Little One
Dear Little One,
How are you?
It has been only a few years since I last came home to find you waiting
It still pains me to know I have to keep on going like this for the rest of this life
The despair, heartbreak and anger linger underneath the smile
The feelings that I cannot seem to let go though you would want me to in the afterlife
To hold you, to see you, or kiss you once more is all I desire
Even to just say those three words that don’t do any justice for what I feel
Many regrets but the loved filled memories outweighs the burning fire
I am sorry I didn’t stay with you, oh God how I wish I did
Why did I let you go?
I remember the pain I saw in your beautiful brown eyes everyday up until that fatal day
Your back legs weren't as they were before and seeing you try to stand everyday knowing it
was causing you pain, I just couldn't...
Please believe it was the hardest decision I ever made
I remember seeing the need to comfort me in you as I tried to stay
Bitter tears ran down my face, the echo of a soul breaking
The agony in knowing I was letting you go in order to stop the suffering was better than prolonging
the inevitable
Faith. Faith is all I have now.

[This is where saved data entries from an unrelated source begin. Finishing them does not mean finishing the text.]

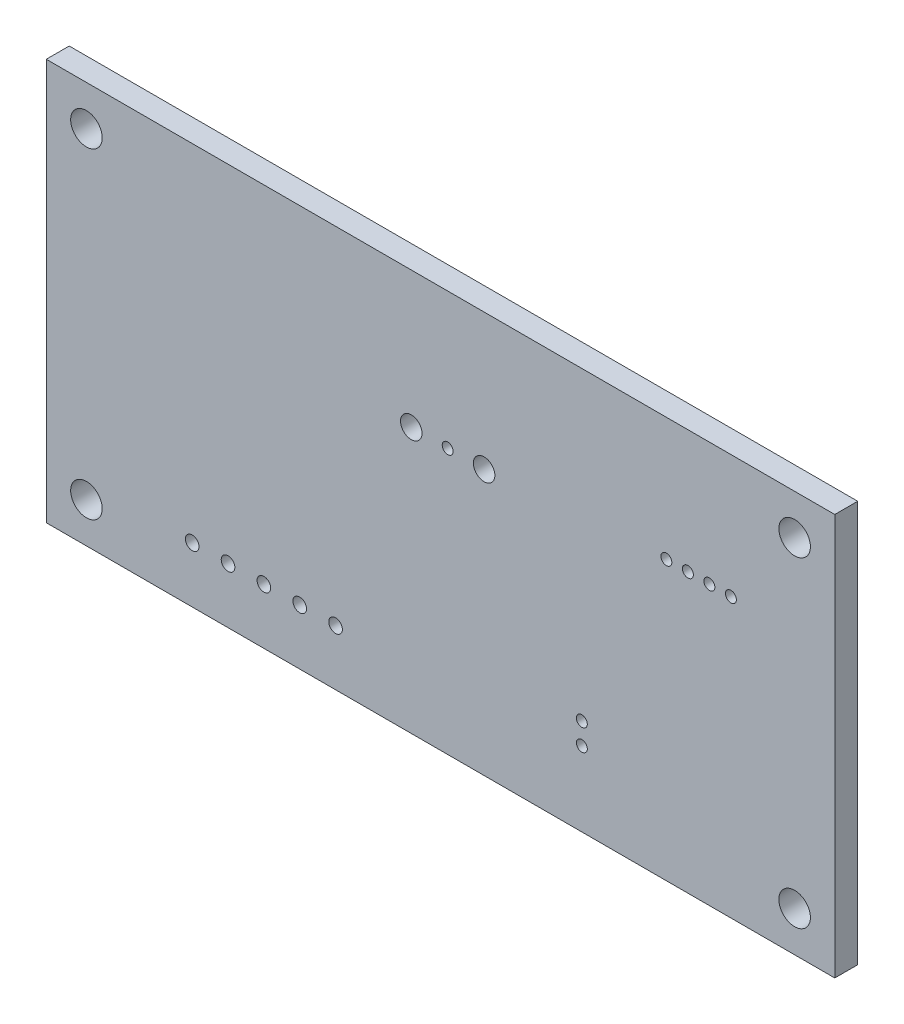
ISO-10303-21;
HEADER;
FILE_DESCRIPTION(('STEP AP214'),'2;1');
FILE_NAME('part.step','',(''),(''),'','','');
FILE_SCHEMA(('AUTOMOTIVE_DESIGN { 1 0 10303 214 1 1 1 1 }'));
ENDSEC;
DATA;
#1=APPLICATION_CONTEXT('core data for automotive mechanical design processes');
#2=APPLICATION_PROTOCOL_DEFINITION('international standard','automotive_design',2000,#1);
#3=PRODUCT_CONTEXT('',#1,'mechanical');
#4=PRODUCT('Part','Part','',(#3));
#5=PRODUCT_RELATED_PRODUCT_CATEGORY('part','',(#4));
#6=PRODUCT_DEFINITION_FORMATION('','',#4);
#7=PRODUCT_DEFINITION_CONTEXT('part definition',#1,'design');
#8=PRODUCT_DEFINITION('design','',#6,#7);
#9=PRODUCT_DEFINITION_SHAPE('','',#8);
#10=(LENGTH_UNIT() NAMED_UNIT(*) SI_UNIT(.MILLI.,.METRE.));
#11=(NAMED_UNIT(*) PLANE_ANGLE_UNIT() SI_UNIT($,.RADIAN.));
#12=(NAMED_UNIT(*) SI_UNIT($,.STERADIAN.) SOLID_ANGLE_UNIT());
#13=UNCERTAINTY_MEASURE_WITH_UNIT(LENGTH_MEASURE(1.E-05),#10,'distance_accuracy_value','');
#14=(GEOMETRIC_REPRESENTATION_CONTEXT(3) GLOBAL_UNCERTAINTY_ASSIGNED_CONTEXT((#13)) GLOBAL_UNIT_ASSIGNED_CONTEXT((#10,
#11,#12)) REPRESENTATION_CONTEXT('',''));
#15=CARTESIAN_POINT('',(0.,0.,0.));
#16=DIRECTION('',(0.,0.,1.));
#17=DIRECTION('',(1.,0.,0.));
#18=AXIS2_PLACEMENT_3D('',#15,#16,#17);
#19=CARTESIAN_POINT('',(64.754,-24.082,-0.8));
#20=DIRECTION('',(0.,0.,1.));
#21=DIRECTION('',(1.,0.,0.));
#22=AXIS2_PLACEMENT_3D('',#19,#20,#21);
#23=CYLINDRICAL_SURFACE('',#22,0.381);
#24=DIRECTION('',(0.,0.,1.));
#25=VECTOR('',#24,1.);
#26=CARTESIAN_POINT('',(65.135,-24.082,-0.8));
#27=LINE('',#26,#25);
#28=CARTESIAN_POINT('',(65.135,-24.082,0.));
#29=VERTEX_POINT('',#28);
#30=CARTESIAN_POINT('',(65.135,-24.082,1.6));
#31=VERTEX_POINT('',#30);
#32=EDGE_CURVE('E11',#29,#31,#27,.T.);
#33=ORIENTED_EDGE('',*,*,#32,.F.);
#34=CARTESIAN_POINT('',(64.754,-24.082,0.));
#35=DIRECTION('',(0.,0.,1.));
#36=DIRECTION('',(1.,0.,0.));
#37=AXIS2_PLACEMENT_3D('',#34,#35,#36);
#38=CIRCLE('',#37,0.381);
#39=EDGE_CURVE('E233',#29,#29,#38,.T.);
#40=ORIENTED_EDGE('',*,*,#39,.F.);
#41=ORIENTED_EDGE('',*,*,#32,.T.);
#42=CARTESIAN_POINT('',(64.754,-24.082,1.6));
#43=DIRECTION('',(0.,0.,1.));
#44=DIRECTION('',(1.,0.,0.));
#45=AXIS2_PLACEMENT_3D('',#42,#43,#44);
#46=CIRCLE('',#45,0.381);
#47=EDGE_CURVE('E343',#31,#31,#46,.T.);
#48=ORIENTED_EDGE('',*,*,#47,.T.);
#49=EDGE_LOOP('',(#33,#40,#41,#48));
#50=FACE_BOUND('',#49,.T.);
#51=ADVANCED_FACE('F17',(#50),#23,.F.);
#52=CARTESIAN_POINT('',(69.2,-40.7,-0.8));
#53=DIRECTION('',(0.,0.,1.));
#54=DIRECTION('',(1.,0.,0.));
#55=AXIS2_PLACEMENT_3D('',#52,#53,#54);
#56=CYLINDRICAL_SURFACE('',#55,1.1);
#57=DIRECTION('',(0.,0.,1.));
#58=VECTOR('',#57,1.);
#59=CARTESIAN_POINT('',(70.3,-40.7,-0.8));
#60=LINE('',#59,#58);
#61=CARTESIAN_POINT('',(70.3,-40.7,0.));
#62=VERTEX_POINT('',#61);
#63=CARTESIAN_POINT('',(70.3,-40.7,1.6));
#64=VERTEX_POINT('',#63);
#65=EDGE_CURVE('E28',#62,#64,#60,.T.);
#66=ORIENTED_EDGE('',*,*,#65,.F.);
#67=CARTESIAN_POINT('',(69.2,-40.7,0.));
#68=DIRECTION('',(0.,0.,1.));
#69=DIRECTION('',(1.,0.,0.));
#70=AXIS2_PLACEMENT_3D('',#67,#68,#69);
#71=CIRCLE('',#70,1.1);
#72=EDGE_CURVE('E269',#62,#62,#71,.T.);
#73=ORIENTED_EDGE('',*,*,#72,.F.);
#74=ORIENTED_EDGE('',*,*,#65,.T.);
#75=CARTESIAN_POINT('',(69.2,-40.7,1.6));
#76=DIRECTION('',(0.,0.,1.));
#77=DIRECTION('',(1.,0.,0.));
#78=AXIS2_PLACEMENT_3D('',#75,#76,#77);
#79=CIRCLE('',#78,1.1);
#80=EDGE_CURVE('E274',#64,#64,#79,.T.);
#81=ORIENTED_EDGE('',*,*,#80,.T.);
#82=EDGE_LOOP('',(#66,#73,#74,#81));
#83=FACE_BOUND('',#82,.T.);
#84=ADVANCED_FACE('F493',(#83),#56,.F.);
#85=CARTESIAN_POINT('',(69.2,-18.3,-0.8));
#86=DIRECTION('',(0.,0.,1.));
#87=DIRECTION('',(1.,0.,0.));
#88=AXIS2_PLACEMENT_3D('',#85,#86,#87);
#89=CYLINDRICAL_SURFACE('',#88,1.1);
#90=DIRECTION('',(0.,0.,1.));
#91=VECTOR('',#90,1.);
#92=CARTESIAN_POINT('',(70.3,-18.3,-0.8));
#93=LINE('',#92,#91);
#94=CARTESIAN_POINT('',(70.3,-18.3,0.));
#95=VERTEX_POINT('',#94);
#96=CARTESIAN_POINT('',(70.3,-18.3,1.6));
#97=VERTEX_POINT('',#96);
#98=EDGE_CURVE('E280',#95,#97,#93,.T.);
#99=ORIENTED_EDGE('',*,*,#98,.F.);
#100=CARTESIAN_POINT('',(69.2,-18.3,0.));
#101=DIRECTION('',(0.,0.,1.));
#102=DIRECTION('',(1.,0.,0.));
#103=AXIS2_PLACEMENT_3D('',#100,#101,#102);
#104=CIRCLE('',#103,1.1);
#105=EDGE_CURVE('E265',#95,#95,#104,.T.);
#106=ORIENTED_EDGE('',*,*,#105,.F.);
#107=ORIENTED_EDGE('',*,*,#98,.T.);
#108=CARTESIAN_POINT('',(69.2,-18.3,1.6));
#109=DIRECTION('',(0.,0.,1.));
#110=DIRECTION('',(1.,0.,0.));
#111=AXIS2_PLACEMENT_3D('',#108,#109,#110);
#112=CIRCLE('',#111,1.1);
#113=EDGE_CURVE('E401',#97,#97,#112,.T.);
#114=ORIENTED_EDGE('',*,*,#113,.T.);
#115=EDGE_LOOP('',(#99,#106,#107,#114));
#116=FACE_BOUND('',#115,.T.);
#117=ADVANCED_FACE('F499',(#116),#89,.F.);
#118=CARTESIAN_POINT('',(54.356,-38.298,-0.8));
#119=DIRECTION('',(0.,0.,1.));
#120=DIRECTION('',(1.,0.,0.));
#121=AXIS2_PLACEMENT_3D('',#118,#119,#120);
#122=CYLINDRICAL_SURFACE('',#121,0.381);
#123=DIRECTION('',(0.,0.,1.));
#124=VECTOR('',#123,1.);
#125=CARTESIAN_POINT('',(54.737,-38.298,-0.8));
#126=LINE('',#125,#124);
#127=CARTESIAN_POINT('',(54.737,-38.298,0.));
#128=VERTEX_POINT('',#127);
#129=CARTESIAN_POINT('',(54.737,-38.298,1.6));
#130=VERTEX_POINT('',#129);
#131=EDGE_CURVE('E248',#128,#130,#126,.T.);
#132=ORIENTED_EDGE('',*,*,#131,.F.);
#133=CARTESIAN_POINT('',(54.356,-38.298,0.));
#134=DIRECTION('',(0.,0.,1.));
#135=DIRECTION('',(1.,0.,0.));
#136=AXIS2_PLACEMENT_3D('',#133,#134,#135);
#137=CIRCLE('',#136,0.381);
#138=EDGE_CURVE('E270',#128,#128,#137,.T.);
#139=ORIENTED_EDGE('',*,*,#138,.F.);
#140=ORIENTED_EDGE('',*,*,#131,.T.);
#141=CARTESIAN_POINT('',(54.356,-38.298,1.6));
#142=DIRECTION('',(0.,0.,1.));
#143=DIRECTION('',(1.,0.,0.));
#144=AXIS2_PLACEMENT_3D('',#141,#142,#143);
#145=CIRCLE('',#144,0.381);
#146=EDGE_CURVE('E410',#130,#130,#145,.T.);
#147=ORIENTED_EDGE('',*,*,#146,.T.);
#148=EDGE_LOOP('',(#132,#139,#140,#147));
#149=FACE_BOUND('',#148,.T.);
#150=ADVANCED_FACE('F463',(#149),#122,.F.);
#151=CARTESIAN_POINT('',(54.356,-36.798,-0.8));
#152=DIRECTION('',(0.,0.,1.));
#153=DIRECTION('',(1.,0.,0.));
#154=AXIS2_PLACEMENT_3D('',#151,#152,#153);
#155=CYLINDRICAL_SURFACE('',#154,0.381);
#156=DIRECTION('',(0.,0.,1.));
#157=VECTOR('',#156,1.);
#158=CARTESIAN_POINT('',(54.737,-36.798,-0.8));
#159=LINE('',#158,#157);
#160=CARTESIAN_POINT('',(54.737,-36.798,0.));
#161=VERTEX_POINT('',#160);
#162=CARTESIAN_POINT('',(54.737,-36.798,1.6));
#163=VERTEX_POINT('',#162);
#164=EDGE_CURVE('E215',#161,#163,#159,.T.);
#165=ORIENTED_EDGE('',*,*,#164,.F.);
#166=CARTESIAN_POINT('',(54.356,-36.798,0.));
#167=DIRECTION('',(0.,0.,1.));
#168=DIRECTION('',(1.,0.,0.));
#169=AXIS2_PLACEMENT_3D('',#166,#167,#168);
#170=CIRCLE('',#169,0.381);
#171=EDGE_CURVE('E347',#161,#161,#170,.T.);
#172=ORIENTED_EDGE('',*,*,#171,.F.);
#173=ORIENTED_EDGE('',*,*,#164,.T.);
#174=CARTESIAN_POINT('',(54.356,-36.798,1.6));
#175=DIRECTION('',(0.,0.,1.));
#176=DIRECTION('',(1.,0.,0.));
#177=AXIS2_PLACEMENT_3D('',#174,#175,#176);
#178=CIRCLE('',#177,0.381);
#179=EDGE_CURVE('E278',#163,#163,#178,.T.);
#180=ORIENTED_EDGE('',*,*,#179,.T.);
#181=EDGE_LOOP('',(#165,#172,#173,#180));
#182=FACE_BOUND('',#181,.T.);
#183=ADVANCED_FACE('F580',(#182),#155,.F.);
#184=CARTESIAN_POINT('',(34.678,-39.624,-0.8));
#185=DIRECTION('',(0.,0.,1.));
#186=DIRECTION('',(1.,0.,0.));
#187=AXIS2_PLACEMENT_3D('',#184,#185,#186);
#188=CYLINDRICAL_SURFACE('',#187,0.475);
#189=DIRECTION('',(0.,0.,1.));
#190=VECTOR('',#189,1.);
#191=CARTESIAN_POINT('',(35.153,-39.624,-0.8));
#192=LINE('',#191,#190);
#193=CARTESIAN_POINT('',(35.153,-39.624,0.));
#194=VERTEX_POINT('',#193);
#195=CARTESIAN_POINT('',(35.153,-39.624,1.6));
#196=VERTEX_POINT('',#195);
#197=EDGE_CURVE('E211',#194,#196,#192,.T.);
#198=ORIENTED_EDGE('',*,*,#197,.F.);
#199=CARTESIAN_POINT('',(34.678,-39.624,0.));
#200=DIRECTION('',(0.,0.,1.));
#201=DIRECTION('',(1.,0.,0.));
#202=AXIS2_PLACEMENT_3D('',#199,#200,#201);
#203=CIRCLE('',#202,0.475);
#204=EDGE_CURVE('E227',#194,#194,#203,.T.);
#205=ORIENTED_EDGE('',*,*,#204,.F.);
#206=ORIENTED_EDGE('',*,*,#197,.T.);
#207=CARTESIAN_POINT('',(34.678,-39.624,1.6));
#208=DIRECTION('',(0.,0.,1.));
#209=DIRECTION('',(1.,0.,0.));
#210=AXIS2_PLACEMENT_3D('',#207,#208,#209);
#211=CIRCLE('',#210,0.475);
#212=EDGE_CURVE('E293',#196,#196,#211,.T.);
#213=ORIENTED_EDGE('',*,*,#212,.T.);
#214=EDGE_LOOP('',(#198,#205,#206,#213));
#215=FACE_BOUND('',#214,.T.);
#216=ADVANCED_FACE('F503',(#215),#188,.F.);
#217=CARTESIAN_POINT('',(37.178,-39.624,-0.8));
#218=DIRECTION('',(0.,0.,1.));
#219=DIRECTION('',(1.,0.,0.));
#220=AXIS2_PLACEMENT_3D('',#217,#218,#219);
#221=CYLINDRICAL_SURFACE('',#220,0.475);
#222=DIRECTION('',(0.,0.,1.));
#223=VECTOR('',#222,1.);
#224=CARTESIAN_POINT('',(37.653,-39.624,-0.8));
#225=LINE('',#224,#223);
#226=CARTESIAN_POINT('',(37.653,-39.624,0.));
#227=VERTEX_POINT('',#226);
#228=CARTESIAN_POINT('',(37.653,-39.624,1.6));
#229=VERTEX_POINT('',#228);
#230=EDGE_CURVE('E216',#227,#229,#225,.T.);
#231=ORIENTED_EDGE('',*,*,#230,.F.);
#232=CARTESIAN_POINT('',(37.178,-39.624,0.));
#233=DIRECTION('',(0.,0.,1.));
#234=DIRECTION('',(1.,0.,0.));
#235=AXIS2_PLACEMENT_3D('',#232,#233,#234);
#236=CIRCLE('',#235,0.475);
#237=EDGE_CURVE('E223',#227,#227,#236,.T.);
#238=ORIENTED_EDGE('',*,*,#237,.F.);
#239=ORIENTED_EDGE('',*,*,#230,.T.);
#240=CARTESIAN_POINT('',(37.178,-39.624,1.6));
#241=DIRECTION('',(0.,0.,1.));
#242=DIRECTION('',(1.,0.,0.));
#243=AXIS2_PLACEMENT_3D('',#240,#241,#242);
#244=CIRCLE('',#243,0.475);
#245=EDGE_CURVE('E210',#229,#229,#244,.T.);
#246=ORIENTED_EDGE('',*,*,#245,.T.);
#247=EDGE_LOOP('',(#231,#238,#239,#246));
#248=FACE_BOUND('',#247,.T.);
#249=ADVANCED_FACE('F602',(#248),#221,.F.);
#250=CARTESIAN_POINT('',(32.178,-39.624,-0.8));
#251=DIRECTION('',(0.,0.,1.));
#252=DIRECTION('',(1.,0.,0.));
#253=AXIS2_PLACEMENT_3D('',#250,#251,#252);
#254=CYLINDRICAL_SURFACE('',#253,0.475);
#255=DIRECTION('',(0.,0.,1.));
#256=VECTOR('',#255,1.);
#257=CARTESIAN_POINT('',(32.653,-39.624,-0.8));
#258=LINE('',#257,#256);
#259=CARTESIAN_POINT('',(32.653,-39.624,0.));
#260=VERTEX_POINT('',#259);
#261=CARTESIAN_POINT('',(32.653,-39.624,1.6));
#262=VERTEX_POINT('',#261);
#263=EDGE_CURVE('E357',#260,#262,#258,.T.);
#264=ORIENTED_EDGE('',*,*,#263,.F.);
#265=CARTESIAN_POINT('',(32.178,-39.624,0.));
#266=DIRECTION('',(0.,0.,1.));
#267=DIRECTION('',(1.,0.,0.));
#268=AXIS2_PLACEMENT_3D('',#265,#266,#267);
#269=CIRCLE('',#268,0.475);
#270=EDGE_CURVE('E228',#260,#260,#269,.T.);
#271=ORIENTED_EDGE('',*,*,#270,.F.);
#272=ORIENTED_EDGE('',*,*,#263,.T.);
#273=CARTESIAN_POINT('',(32.178,-39.624,1.6));
#274=DIRECTION('',(0.,0.,1.));
#275=DIRECTION('',(1.,0.,0.));
#276=AXIS2_PLACEMENT_3D('',#273,#274,#275);
#277=CIRCLE('',#276,0.475);
#278=EDGE_CURVE('E277',#262,#262,#277,.T.);
#279=ORIENTED_EDGE('',*,*,#278,.T.);
#280=EDGE_LOOP('',(#264,#271,#272,#279));
#281=FACE_BOUND('',#280,.T.);
#282=ADVANCED_FACE('F515',(#281),#254,.F.);
#283=CARTESIAN_POINT('',(19.8,-40.7,-0.8));
#284=DIRECTION('',(0.,0.,1.));
#285=DIRECTION('',(1.,0.,0.));
#286=AXIS2_PLACEMENT_3D('',#283,#284,#285);
#287=CYLINDRICAL_SURFACE('',#286,1.1);
#288=DIRECTION('',(0.,0.,1.));
#289=VECTOR('',#288,1.);
#290=CARTESIAN_POINT('',(20.9,-40.7,-0.8));
#291=LINE('',#290,#289);
#292=CARTESIAN_POINT('',(20.9,-40.7,0.));
#293=VERTEX_POINT('',#292);
#294=CARTESIAN_POINT('',(20.9,-40.7,1.6));
#295=VERTEX_POINT('',#294);
#296=EDGE_CURVE('E241',#293,#295,#291,.T.);
#297=ORIENTED_EDGE('',*,*,#296,.F.);
#298=CARTESIAN_POINT('',(19.8,-40.7,0.));
#299=DIRECTION('',(0.,0.,1.));
#300=DIRECTION('',(1.,0.,0.));
#301=AXIS2_PLACEMENT_3D('',#298,#299,#300);
#302=CIRCLE('',#301,1.1);
#303=EDGE_CURVE('E451',#293,#293,#302,.T.);
#304=ORIENTED_EDGE('',*,*,#303,.F.);
#305=ORIENTED_EDGE('',*,*,#296,.T.);
#306=CARTESIAN_POINT('',(19.8,-40.7,1.6));
#307=DIRECTION('',(0.,0.,1.));
#308=DIRECTION('',(1.,0.,0.));
#309=AXIS2_PLACEMENT_3D('',#306,#307,#308);
#310=CIRCLE('',#309,1.1);
#311=EDGE_CURVE('E221',#295,#295,#310,.T.);
#312=ORIENTED_EDGE('',*,*,#311,.T.);
#313=EDGE_LOOP('',(#297,#304,#305,#312));
#314=FACE_BOUND('',#313,.T.);
#315=ADVANCED_FACE('F508',(#314),#287,.F.);
#316=CARTESIAN_POINT('',(29.678,-39.624,-0.8));
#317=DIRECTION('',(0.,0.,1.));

Faith that you are in good hands, running, and having that
Tremendous voice heard across the sky as I listen to Patience by Take That when
A heartbreaking cry is heard as your human falls to the ground, wondering
“What If?”
Thank you for cherishing, comforting, caring, and protecting that little girl
Wrapped in pink in 1999 and still doing so now
Remember that promise I asked of you.
"Promise you’ll stay until after the birthday? And if then God wants you I’ll let you go."
It must have hurt you waiting until that little girl was 15 but you did.
Forever you will be my best friend, I miss you…..
I hope that you are proud of us and who we are becoming princess
You never broke my heart until that day unlike the world has
If there is one thing that you taught me that I will carry with me until the day I am gone
from the face of this world is to: love unconditionally
And I swear to you I still do to this day for those that are family and those considered
Family. I love you and that love keeps me together even in these dark times,
You are the light that will for eternity guide me.